Юрий Татаринов - Города Беларуси в некоторых интересных исторических сведениях. Витебщина
После того, как офицеры Кавалерийской Школы испортили посевы крестьян, обрушили немало заборов и до смерти запугали своими воинственными воплями немало детей, парфорсную охоту упростили, сделали больше бутафорской, нежели реальной. Зверей оставили в покое, а дабы обмануть собак, егеря стали протаскивать на длинных веревках куски старого тряпья, пропитанные лисьим пометом. Естественно, они делали это заранее, не торопясь, объезжая всякие препятствия. После этих приготовлений пускали собак. Наездники, которые мчались тут же за собаками на полном скаку, уже не могли позволить себе эти объезды… Такая охота «с выволочкой» проводилась ежегодно в окрестностях Санкт-Петербурга между Красным Селом и дачной станцией Дудфгоф. В скачках участвовали даже женщины.
И все-таки охота «с выволочкой» не удовлетворяла требованиям настоящих гурманов парфорса. Настоящую охоту можно было изведать только в Поставах, в имении графа Пржездецкого, у которого насчитывалось 18 фокс-гундов.
На время визитов офицеров столичной Школы граф Пржездецкий сдавал свое имение в аренду военному министерству. Кажется, он имел от этого какую-то выгоду. Хотя куда большая выгода была чисто морального свойства — граф обожал общество и парфорсную охоту.
Вот как описывает эту охоту один из ее участников, бывший драгунский офицер А. Далматов.[12]

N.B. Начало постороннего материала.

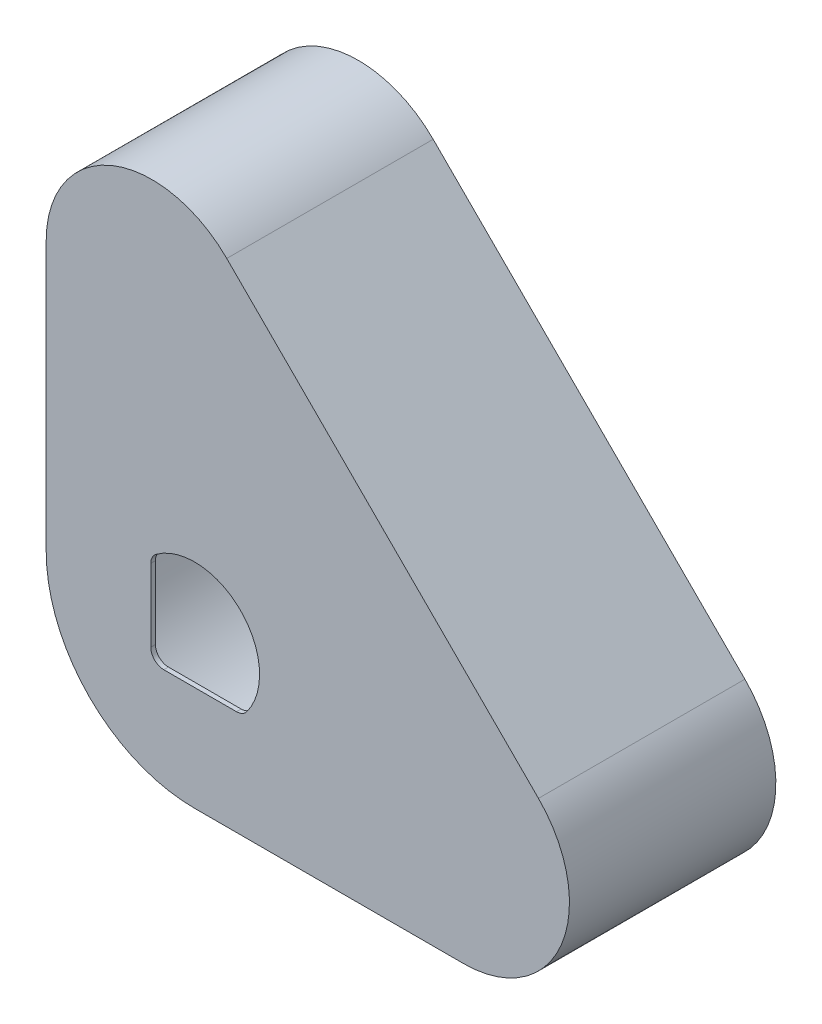
SolidWorks part; units mm, degrees
material "Nylon 101"
ref_plane "Front Plane" through (0, 0, 0) normal (0, 0, 1) x (1, 0, 0)
ref_plane "Top Plane" through (0, 0, 0) normal (0, 1, 0) x (1, 0, 0)
ref_plane "Right Plane" through (0, 0, 0) normal (1, 0, 0) x (0, 0, -1)
sketch "Sketch2" plane through (0, 0, 0) normal (0, 0, 1) x (1, 0, 0)
  line L0 (-50.8, 0) -> (-50.8, 92.075)
  line L1 (0, -50.8) -> (92.075, -50.8)
  line L2 (10.9887, 117.6687) -> (117.6687, 10.9887)
  arc A0 (-50.8, 0) -> (0, -50.8) centre (0, 0) ccw
  arc A1 (10.9887, 117.6687) -> (-50.8, 92.075) centre (-14.605, 92.075) ccw
  arc A2 (92.075, -50.8) -> (117.6687, 10.9887) centre (92.075, -14.605) ccw
  point P4 (92.1962, -25.4)
  point P7 (-25.4, 92.075)
  dimension "D1" = 101.6
  dimension "D2" = 72.39
  dimension "D3" = 92.075
  dimension "D4" = 92.075
extrude "Boss-Extrude1" add sketch "Sketch2" along normal blind 70.6437
shell "Shell2" thickness 1.5875 removed face at (20.1173, 20.1173, 0)
sketch "Sketch3" plane through (0, 0, 70.6437) normal (0, 0, 1) x (1, 0, 0)
  line L0 (-10.5604, -14.9969) -> (14.3104, -14.9969)
  line L1 (-15.0054, -10.5519) -> (-15.0054, 14.3041)
  arc A0 (17.888, -13.1898) -> (-13.2005, 17.8801) centre (0, 0) ccw
  arc A1 (-15.0054, -10.5519) -> (-10.5604, -14.9969) centre (-10.5604, -10.5519) ccw
  arc A2 (-13.2005, 17.8801) -> (-15.0054, 14.3041) centre (-10.5604, 14.3041) ccw
  arc A3 (14.3104, -14.9969) -> (17.888, -13.1898) centre (14.3104, -10.5519) ccw
  point P11 (-10.3434, -10.7647)
  dimension "D1" = 44.45
  dimension "D2" = 8.89
  dimension "D4" = 24.8559
  dimension "D5" = 24.8708
  dimension "D3" = 14.9286
  dimension "D6" = 15.0054
extrude "Cut-Extrude1" cut sketch "Sketch3" against normal through all
equation "\"D4@Sketch2\"=\"D3@Sketch2\""

«Осень, октябрь. Большая стая «пегих собак». Всадники в красных шапках и кафтанах, с перекинутыми через плечо блестящими трубами. Они вооружены кинжалами и длинными арапниками, которые щелкают по воздуху, действуя на псов. Это доезжачие, ведущие стаю к месту начала охоты, откуда уже выпущен олень.
В полуверсте сзади — глухой ропот лошадей другой группы всадников, куда более большой. Эти едут крупной рысью. Они одеты в мундиры и даже кителя; оживлены и веселы. Лошади громко фыркают, иногда постукивают подкова о подкову… Прибыв в поле, всадники остановились: кто-то слез и стал поправлять седловку, а кто-то закурил… Между тем, олень мчался в направлении видневшегося на горизонте леса. Изредка он останавливался и озирался кругом…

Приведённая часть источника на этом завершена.